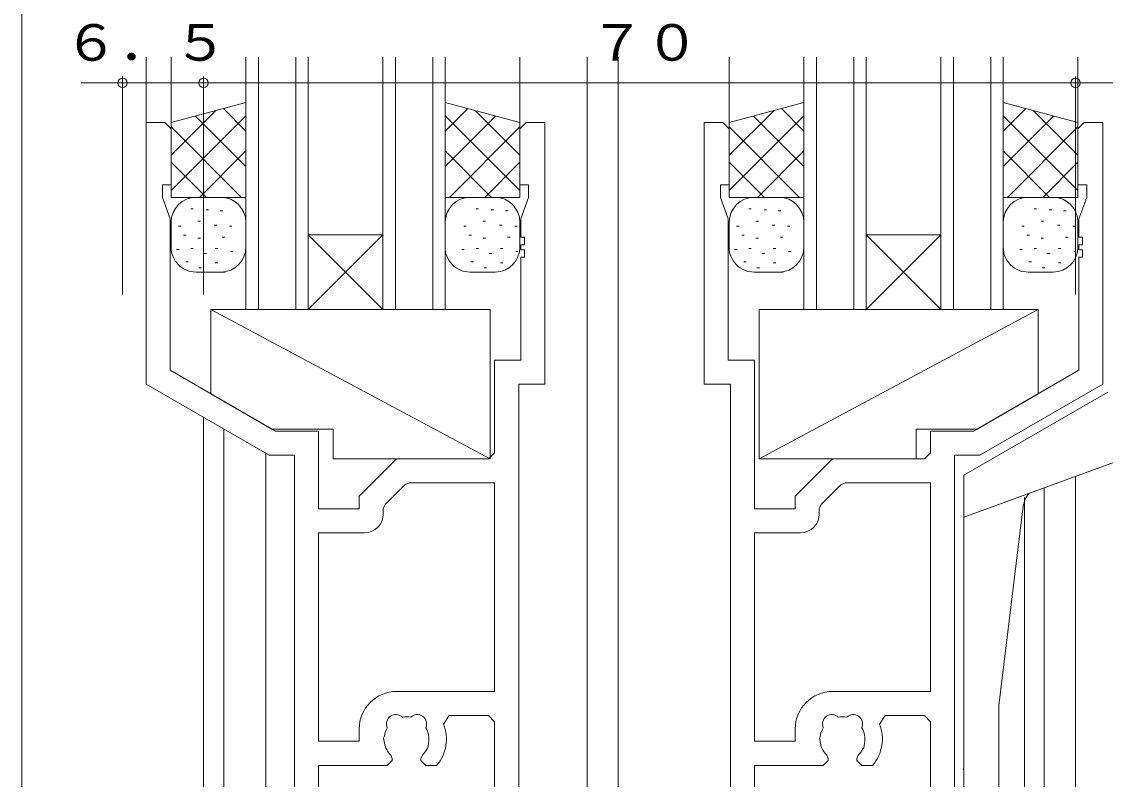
# Model space of a CAD drawing. Units: millimetres on the paper. Extents: x -297 to 270, y -210 to 193.
# Drawn here: x -295 to -208, y -58.7 to 2.1 of the extents above; entities that cross this region are included whole.
import ezdxf
from ezdxf.enums import TextEntityAlignment as Align

# ---------------------------------------------------------------- set-up
doc = ezdxf.new("R2010")
doc.units = ezdxf.units.MM
for name, color, linetype, lineweight in [('0-1_YKK_ZWAK', 7, 'Continuous', 9), ('0-3_YKK_11', 7, 'Continuous', 9), ('0-4_YKK_12', 2, 'Continuous', 9), ('0-6_YKK_13', 4, 'Continuous', 9), ('0-7_YKK_D', 6, 'Continuous', 9)]:
    doc.layers.add(name, color=color, linetype=linetype, lineweight=lineweight)
doc.styles.add('ＭＳ ゴシック', font='')
doc.styles.get('ＭＳ ゴシック').set_extended_font_data('MS Gothic')

msp = doc.modelspace()

# ---------------------------------------------------------------- linework, layer by layer
at = {"layer": '0-1_YKK_ZWAK'}
msp.add_line((-295, -184), (-295, 191), dxfattribs=at)
at = {"layer": '0-3_YKK_11'}
for p, q in [((-285, -6), (-285, -27)), ((-283.5, -6), (-285, -6)), ((-283, -6.5), (-283.5, -6)), ((-254.5, -6), (-255, -6.5)), ((-253, -6), (-254.5, -6)), ((-253, -27), (-253, -6)), ((-240.2, -6), (-240.2, -27)), ((-238.7, -6), (-240.2, -6)), ((-238.2, -6.5), (-238.7, -6)), ((-209.7, -6), (-210.2, -6.5)), ((-208.2, -6), (-209.7, -6)), ((-208.2, -27), (-208.2, -6)), ((-283, -11), (-283, -6.5)), ((-255, -6.5), (-255, -11)), ((-238.2, -11), (-238.2, -6.5)), ((-210.2, -6.5), (-210.2, -11)), ((-283.7, -11), (-283, -11)), ((-283.7, -12), (-283.7, -11)), ((-255, -11), (-254.3, -11)), ((-254.3, -11), (-254.3, -12)), ((-238.9, -11), (-238.2, -11)), ((-238.9, -12), (-238.9, -11)), ((-210.2, -11), (-209.5, -11)), ((-209.5, -11), (-209.5, -12)), ((-283.07, -13.731), (-283.7, -12)), ((-254.3, -12), (-254.93, -13.731)), ((-238.27, -13.731), (-238.9, -12)), ((-209.5, -12), (-210.13, -13.731)), ((-283.07, -25.886), (-283.07, -13.731)), ((-254.93, -13.731), (-254.93, -15.2)), ((-238.27, -25.07), (-238.27, -13.731)), ((-210.13, -13.731), (-210.13, -15.2)), ((-254.93, -15.2), (-254.63, -15.2)), ((-254.63, -15.2), (-254.63, -15.8)), ((-210.13, -15.2), (-209.83, -15.2)), ((-209.83, -15.2), (-209.83, -15.8)), ((-254.93, -15.8), (-254.93, -16.2)), ((-254.63, -15.8), (-254.93, -15.8)), ((-254.93, -16.2), (-254.63, -16.2)), ((-254.63, -16.2), (-254.63, -16.8)), ((-210.13, -15.8), (-210.13, -16.2)), ((-209.83, -15.8), (-210.13, -15.8)), ((-210.13, -16.2), (-209.83, -16.2)), ((-209.83, -16.2), (-209.83, -16.8)), ((-254.93, -16.8), (-254.93, -25.07)), ((-254.63, -16.8), (-254.93, -16.8)), ((-210.13, -16.8), (-210.13, -25.886)), ((-209.83, -16.8), (-210.13, -16.8)), ((-257.03, -25.07), (-257.03, -32.5)), ((-254.93, -25.07), (-257.03, -25.07)), ((-236.17, -25.07), (-238.27, -25.07)), ((-236.17, -37), (-236.17, -25.07)), ((-274.61, -30.77), (-283.07, -25.886)), ((-210.13, -25.886), (-218.59, -30.77)), ((-285, -27), (-275.127, -32.7)), ((-255.1, -27), (-253, -27)), ((-255.1, -99), (-255.1, -27)), ((-240.2, -27), (-238.1, -27)), ((-238.1, -27), (-238.1, -110.2)), ((-218.073, -32.7), (-208.2, -27)), ((-271.17, -30.77), (-274.61, -30.77)), ((-271.17, -37), (-271.17, -30.77)), ((-222.03, -30.77), (-222.03, -32.5)), ((-218.59, -30.77), (-222.03, -30.77)), ((-275.127, -32.7), (-273.1, -32.7)), ((-273.1, -32.7), (-273.1, -110.2)), ((-264.9, -33), (-267.9, -36)), ((-257.53, -33), (-264.9, -33)), ((-257.03, -32.5), (-257.53, -33)), ((-229.9, -33), (-232.9, -36)), ((-222.53, -33), (-229.9, -33)), ((-222.03, -32.5), (-222.53, -33)), ((-220.1, -32.7), (-218.073, -32.7)), ((-220.1, -99), (-220.1, -32.7)), ((-264.247, -35.076), (-265.823, -36.653)), ((-263.893, -34.93), (-264.247, -35.076)), ((-257.03, -34.93), (-263.893, -34.93)), ((-257.03, -51.67), (-257.03, -34.93)), ((-229.247, -35.076), (-230.824, -36.653)), ((-228.893, -34.93), (-229.247, -35.076)), ((-222.03, -34.93), (-228.893, -34.93)), ((-222.03, -51.67), (-222.03, -34.93)), ((-267.9, -36), (-267.9, -37)), ((-232.9, -36), (-232.9, -37)), ((-267.9, -37), (-271.17, -37)), ((-265.823, -36.653), (-265.97, -37.006)), ((-265.97, -37.006), (-265.97, -37.43)), ((-232.9, -37), (-236.17, -37)), ((-230.824, -36.653), (-230.97, -37.006)), ((-230.97, -37.006), (-230.97, -37.43)), ((-271.17, -38.93), (-271.17, -55.67)), ((-267.47, -38.93), (-271.17, -38.93)), ((-236.17, -38.93), (-236.17, -55.67)), ((-232.47, -38.93), (-236.17, -38.93)), ((-264.9, -51.67), (-257.03, -51.67)), ((-229.9, -51.67), (-222.03, -51.67)), ((-260.675, -53.6), (-261.138, -54.289)), ((-257.53, -53.6), (-260.675, -53.6)), ((-257.03, -54.1), (-257.53, -53.6)), ((-225.675, -53.6), (-226.138, -54.289)), ((-222.53, -53.6), (-225.675, -53.6)), ((-222.03, -54.1), (-222.53, -53.6)), ((-267.9, -55.67), (-267.9, -54.67)), ((-257.03, -90.5), (-257.03, -54.1)), ((-232.9, -55.67), (-232.9, -54.67)), ((-222.03, -90.5), (-222.03, -54.1)), ((-271.17, -55.67), (-267.9, -55.67)), ((-265.889, -55.304), (-265.942, -55.419)), ((-265.942, -55.419), (-265.872, -55.812)), ((-236.17, -55.67), (-232.9, -55.67)), ((-230.889, -55.304), (-230.942, -55.419)), ((-230.942, -55.419), (-230.873, -55.812)), ((-262.486, -56.296), (-262.397, -56.206)), ((-262.397, -56.206), (-262.327, -55.812)), ((-227.486, -56.296), (-227.397, -56.206)), ((-227.397, -56.206), (-227.327, -55.812)), ((-265.25, -57.2), (-265.65, -57.6)), ((-265.368, -56.777), (-265.25, -57.061)), ((-265.25, -57.061), (-265.25, -57.2)), ((-262.95, -57.061), (-262.832, -56.777)), ((-262.95, -57.2), (-262.95, -57.061)), ((-262.55, -57.6), (-262.95, -57.2)), ((-230.25, -57.2), (-230.65, -57.6)), ((-230.368, -56.777), (-230.25, -57.061)), ((-230.25, -57.061), (-230.25, -57.2)), ((-227.95, -57.061), (-227.832, -56.777)), ((-227.95, -57.2), (-227.95, -57.061)), ((-227.55, -57.6), (-227.95, -57.2)), ((-271.17, -57.6), (-271.17, -90.5)), ((-265.65, -57.6), (-271.17, -57.6)), ((-261.685, -57.6), (-262.55, -57.6)), ((-236.17, -57.6), (-236.17, -90.5)), ((-230.65, -57.6), (-236.17, -57.6)), ((-226.685, -57.6), (-227.55, -57.6))]:
    msp.add_line(p, q, dxfattribs=at)
for centre, radius, start, end in [((-267.47, -37.43), 1.5, 270, 0), ((-232.47, -37.43), 1.5, 270, 0), ((-264.9, -54.67), 3, 90, 180), ((-229.9, -54.67), 3, 90, 180), ((-264.96, -54.271), 0.75, 45.95277, 204.04721), ((-264.1, -55.5), 1.8, 79.14684, 100.85315), ((-263.239, -54.271), 0.75, 335.95277, 134.04721), ((-229.96, -54.271), 0.75, 45.95277, 204.04721), ((-229.1, -55.5), 1.8, 79.14684, 100.85315), ((-228.24, -54.271), 0.75, 335.95277, 134.04721), ((-264.1, -55.5), 1.8, 149.14684, 173.73979), ((-264.1, -55.5), 1.8, 350.00023, 30.85315), ((-264.1, -55.5), 3.2, 318.98549, 22.23326), ((-229.1, -55.5), 1.8, 149.14684, 173.73979), ((-229.1, -55.5), 1.8, 350.00034, 30.85315), ((-229.1, -55.5), 3.2, 318.98549, 22.23326), ((-264.1, -55.5), 1.8, 190, 225.20715), ((-264.1, -55.5), 1.8, 314.79283, 333.73979), ((-229.1, -55.5), 1.8, 190.00034, 225.20715), ((-229.1, -55.5), 1.8, 314.79283, 333.73979)]:
    msp.add_arc(centre, radius, start, end, dxfattribs=at)
at = {"layer": '0-4_YKK_12'}
for p, q in [((-285, -6), (-285, -0.75)), ((-283, -6.5), (-283, -0.75)), ((-277, -21), (-277, -0.75)), ((-276, -21), (-276, -0.75)), ((-273, -21), (-273, -0.75)), ((-272, -21), (-272, -0.75)), ((-266, -21), (-266, -0.75)), ((-265, -21), (-265, -0.75)), ((-262, -21), (-262, -0.75)), ((-261, -21), (-261, -0.75)), ((-255, -6.351), (-255, -0.75)), ((-249.6, -99), (-249.6, -0.75)), ((-247.1, -0.75), (-247.1, -99)), ((-238.2, -6.5), (-238.2, -0.75)), ((-232.2, -21), (-232.2, -0.75)), ((-231.2, -21), (-231.2, -0.75)), ((-228.2, -21), (-228.2, -0.75)), ((-227.2, -21), (-227.2, -0.75)), ((-221.2, -21), (-221.2, -0.75)), ((-220.2, -21), (-220.2, -0.75)), ((-217.2, -21), (-217.2, -0.75)), ((-216.2, -21), (-216.2, -0.75)), ((-210.2, -8), (-210.2, -0.75)), ((-266, -21), (-272, -15)), ((-272, -21), (-266, -15)), ((-272, -15), (-266, -15)), ((-221.2, -21), (-227.2, -15)), ((-227.2, -21), (-221.2, -15)), ((-227.2, -15), (-221.2, -15)), ((-277, -21), (-261, -21)), ((-232.2, -21), (-216.2, -21)), ((-280.4, -29.656), (-280.4, -104)), ((-278.77, -30.597), (-278.77, -104)), ((-275.4, -99), (-275.4, -32.542)), ((-210.4, -34.408), (-210.4, -164)), ((-212.9, -35.318), (-212.9, -104)), ((-214.5, -36.085), (-214.5, -104))]:
    msp.add_line(p, q, dxfattribs=at)
at = {"layer": '0-6_YKK_13'}
for p, q in [((-277, -4.392), (-283, -6)), ((-283, -8.614), (-279.428, -5.043)), ((-278.809, -4.877), (-277, -6.686)), ((-261, -4.392), (-255, -6)), ((-261, -6.686), (-259.191, -4.877)), ((-258.572, -5.043), (-255, -8.614)), ((-232.2, -4.392), (-238.2, -6)), ((-238.2, -8.614), (-234.628, -5.043)), ((-234.009, -4.877), (-232.2, -6.686)), ((-216.2, -4.392), (-210.2, -6)), ((-216.2, -6.686), (-214.391, -4.877)), ((-213.772, -5.043), (-210.2, -8.614)), ((-283, -11.443), (-277, -5.443)), ((-283, -6), (-283, -12)), ((-281.04, -5.474), (-277, -9.514)), ((-261, -5.443), (-255, -11.443)), ((-261, -9.514), (-256.96, -5.474)), ((-255, -12), (-255, -6)), ((-238.2, -11.443), (-232.2, -5.443)), ((-238.2, -6), (-238.2, -12)), ((-236.24, -5.474), (-232.2, -9.514)), ((-216.2, -5.443), (-210.2, -11.443)), ((-216.2, -9.514), (-212.16, -5.474)), ((-210.2, -12), (-210.2, -6)), ((-283, -6.343), (-277.343, -12)), ((-260.657, -12), (-255, -6.343)), ((-238.2, -6.343), (-232.543, -12)), ((-215.857, -12), (-210.2, -6.343)), ((-280.728, -12), (-277, -8.271)), ((-261, -8.271), (-257.271, -12)), ((-235.928, -12), (-232.2, -8.271)), ((-216.2, -8.271), (-212.472, -12)), ((-283, -9.171), (-280.171, -12)), ((-257.828, -12), (-255, -9.171)), ((-238.2, -9.171), (-235.372, -12)), ((-213.028, -12), (-210.2, -9.171)), ((-283, -12), (-277, -12)), ((-281, -12), (-279.9, -12)), ((-261, -12), (-255, -12)), ((-258.1, -12), (-257, -12)), ((-238.2, -12), (-232.2, -12)), ((-236.2, -12), (-235.1, -12)), ((-216.2, -12), (-210.2, -12)), ((-213.3, -12), (-212.2, -12)), ((-281.424, -12.917), (-281.224, -12.917)), ((-280.199, -12.999), (-279.999, -12.999)), ((-258.524, -12.917), (-258.324, -12.917)), ((-257.299, -12.999), (-257.099, -12.999)), ((-236.625, -12.917), (-236.425, -12.917)), ((-235.399, -12.999), (-235.199, -12.999)), ((-213.725, -12.917), (-213.525, -12.917)), ((-212.499, -12.999), (-212.299, -12.999)), ((-280.852, -13.898), (-280.652, -13.898)), ((-279.054, -13.081), (-278.854, -13.081)), ((-257.952, -13.898), (-257.752, -13.898)), ((-256.154, -13.081), (-255.954, -13.081)), ((-236.053, -13.898), (-235.853, -13.898)), ((-234.255, -13.081), (-234.055, -13.081)), ((-213.153, -13.898), (-212.953, -13.898)), ((-211.355, -13.081), (-211.155, -13.081)), ((-283, -14), (-283, -16)), ((-282.405, -14.307), (-282.205, -14.307)), ((-279.545, -14.225), (-279.345, -14.225)), ((-278.319, -14.307), (-278.119, -14.307)), ((-277, -14), (-277, -16)), ((-261, -14), (-261, -16)), ((-259.505, -14.307), (-259.305, -14.307)), ((-256.645, -14.225), (-256.445, -14.225)), ((-255.419, -14.307), (-255.219, -14.307)), ((-255, -14), (-255, -16)), ((-238.2, -14), (-238.2, -16)), ((-237.605, -14.307), (-237.405, -14.307)), ((-234.745, -14.225), (-234.545, -14.225)), ((-233.519, -14.307), (-233.319, -14.307)), ((-232.2, -14), (-232.2, -16)), ((-216.2, -14), (-216.2, -16)), ((-214.705, -14.307), (-214.505, -14.307)), ((-211.845, -14.225), (-211.645, -14.225)), ((-210.619, -14.307), (-210.419, -14.307)), ((-210.2, -14), (-210.2, -16)), ((-281.997, -15.042), (-281.797, -15.042)), ((-280.852, -15.287), (-280.652, -15.287)), ((-278.891, -15.206), (-278.691, -15.206)), ((-259.097, -15.042), (-258.897, -15.042)), ((-257.952, -15.287), (-257.752, -15.287)), ((-255.991, -15.206), (-255.791, -15.206)), ((-237.197, -15.042), (-236.997, -15.042)), ((-236.053, -15.287), (-235.853, -15.287)), ((-234.091, -15.206), (-233.891, -15.206)), ((-214.297, -15.042), (-214.097, -15.042)), ((-213.153, -15.287), (-212.953, -15.287)), ((-211.191, -15.206), (-210.991, -15.206)), ((-282.569, -16.186), (-282.369, -16.186)), ((-281.424, -16.105), (-281.224, -16.105)), ((-280.362, -16.513), (-280.162, -16.513)), ((-279.463, -16.105), (-279.263, -16.105)), ((-278.237, -16.35), (-278.037, -16.35)), ((-259.669, -16.186), (-259.469, -16.186)), ((-258.524, -16.105), (-258.324, -16.105)), ((-257.462, -16.513), (-257.262, -16.513)), ((-256.563, -16.105), (-256.363, -16.105)), ((-255.337, -16.35), (-255.137, -16.35)), ((-237.769, -16.186), (-237.569, -16.186)), ((-236.625, -16.105), (-236.425, -16.105)), ((-235.562, -16.513), (-235.362, -16.513)), ((-234.663, -16.105), (-234.463, -16.105)), ((-233.437, -16.35), (-233.237, -16.35)), ((-214.869, -16.186), (-214.669, -16.186)), ((-213.725, -16.105), (-213.525, -16.105)), ((-212.662, -16.513), (-212.462, -16.513)), ((-211.763, -16.105), (-211.563, -16.105)), ((-210.537, -16.35), (-210.337, -16.35)), ((-281.833, -17.167), (-281.633, -17.167)), ((-279.463, -17.249), (-279.263, -17.249)), ((-258.933, -17.167), (-258.733, -17.167)), ((-256.563, -17.249), (-256.363, -17.249)), ((-237.033, -17.167), (-236.833, -17.167)), ((-234.663, -17.249), (-234.463, -17.249)), ((-214.133, -17.167), (-213.933, -17.167)), ((-211.763, -17.249), (-211.563, -17.249)), ((-281, -18), (-278.659, -18)), ((-280.771, -17.657), (-280.571, -17.657)), ((-259, -18), (-257, -18)), ((-257.871, -17.657), (-257.671, -17.657)), ((-236.2, -18), (-233.859, -18)), ((-235.971, -17.657), (-235.771, -17.657)), ((-219.349, -37.665), (-165.405, -18.031)), ((-214.2, -18), (-212.2, -18)), ((-213.071, -17.657), (-212.871, -17.657)), ((-257.401, -21), (-279.801, -21)), ((-279.801, -21), (-257.401, -33)), ((-279.801, -21), (-279.801, -27.768)), ((-257.401, -33), (-257.401, -21)), ((-235.8, -33), (-235.8, -21)), ((-213.4, -21), (-235.8, -33)), ((-235.8, -21), (-213.4, -21)), ((-213.4, -21), (-213.4, -27.768)), ((-279.811, -27.768), (-274.905, -30.6)), ((-219.349, -34.305), (-207.805, -27.64)), ((-274.905, -30.6), (-270.011, -30.6)), ((-270.001, -30.6), (-270.001, -33)), ((-223.2, -30.6), (-223.2, -33)), ((-270.001, -33), (-257.401, -33)), ((-223.2, -33), (-235.8, -33)), ((-219.349, -99), (-219.349, -34.305)), ((-216.549, -52.79), (-214.586, -36.803)), ((-216.549, -97.904), (-216.549, -52.79)), ((-219.349, -57.805), (-219.422, -57.947)), ((-219.349, -57.944), (-219.422, -57.947))]:
    msp.add_line(p, q, dxfattribs=at)
msp.add_lwpolyline([(-213.39, -27.768), (-218.296, -30.6), (-223.19, -30.6)], dxfattribs=at)
for centre, start, end in [((-281, -14), 90, 180), ((-279, -14), 0, 90), ((-259, -14), 90, 180), ((-257, -14), 0, 90), ((-236.2, -14), 90, 180), ((-234.2, -14), 0, 90), ((-214.2, -14), 90, 180), ((-212.2, -14), 0, 90), ((-281, -16), 179.99998, 270), ((-279, -16), 270, 359.99998), ((-259, -16), 179.99998, 270), ((-257, -16), 270, 359.99998), ((-236.2, -16), 179.99998, 270), ((-234.2, -16), 270, 359.99998), ((-214.2, -16), 179.99998, 270), ((-212.2, -16), 270, 359.99998), ((-212.601, -37.046), 140.33456, 172.99998)]:
    msp.add_arc(centre, 2, start, end, dxfattribs=at)
at = {"layer": '0-7_YKK_D'}
for p, q in [((-286.9, -19.808), (-286.9, -2.308)), ((-280.4, -19.808), (-280.4, -2.308)), ((-210.4, -19.808), (-210.4, -2.308)), ((-290.229, -2.808), (-280.4, -2.808)), ((-280.4, -2.808), (-210.4, -2.808)), ((-210.4, -2.808), (-167.8, -2.808))]:
    msp.add_line(p, q, dxfattribs=at)
for centre, start, end in [((-286.9, -2.808), 0, 180), ((-280.4, -2.808), 0, 180), ((-280.4, -2.808), 0, 180), ((-210.4, -2.808), 0, 180), ((-210.4, -2.808), 0, 180), ((-286.9, -2.808), 180, 0), ((-280.4, -2.808), 180, 0), ((-280.4, -2.808), 180, 0), ((-210.4, -2.808), 180, 0), ((-210.4, -2.808), 180, 0)]:
    msp.add_arc(centre, 0.375, start, end, dxfattribs=at)

# ---------------------------------------------------------------- texts
at = {"layer": '0-7_YKK_D', "color": 7, "style": 'ＭＳ ゴシック', "width": 1.1}
for s, p in [('６．５', (-291.635, -1.908)), ('７０', (-249.382, -1.908))]:
    msp.add_text(s, height=2.933, dxfattribs=at).set_placement(p, align=Align.BOTTOM_LEFT)

doc.saveas('drawing.dxf')

***

**Required work:**
Please return every line in the data that includes the string "lineweight".

**Completed exercise:**
for name, color, linetype, lineweight in [('0-1_YKK_ZWAK', 7, 'Continuous', 9), ('0-3_YKK_11', 7, 'Continuous', 9), ('0-4_YKK_12', 2, 'Continuous', 9), ('0-6_YKK_13', 4, 'Continuous', 9), ('0-7_YKK_D', 6, 'Continuous', 9)]:
    doc.layers.add(name, color=color, linetype=linetype, lineweight=lineweight)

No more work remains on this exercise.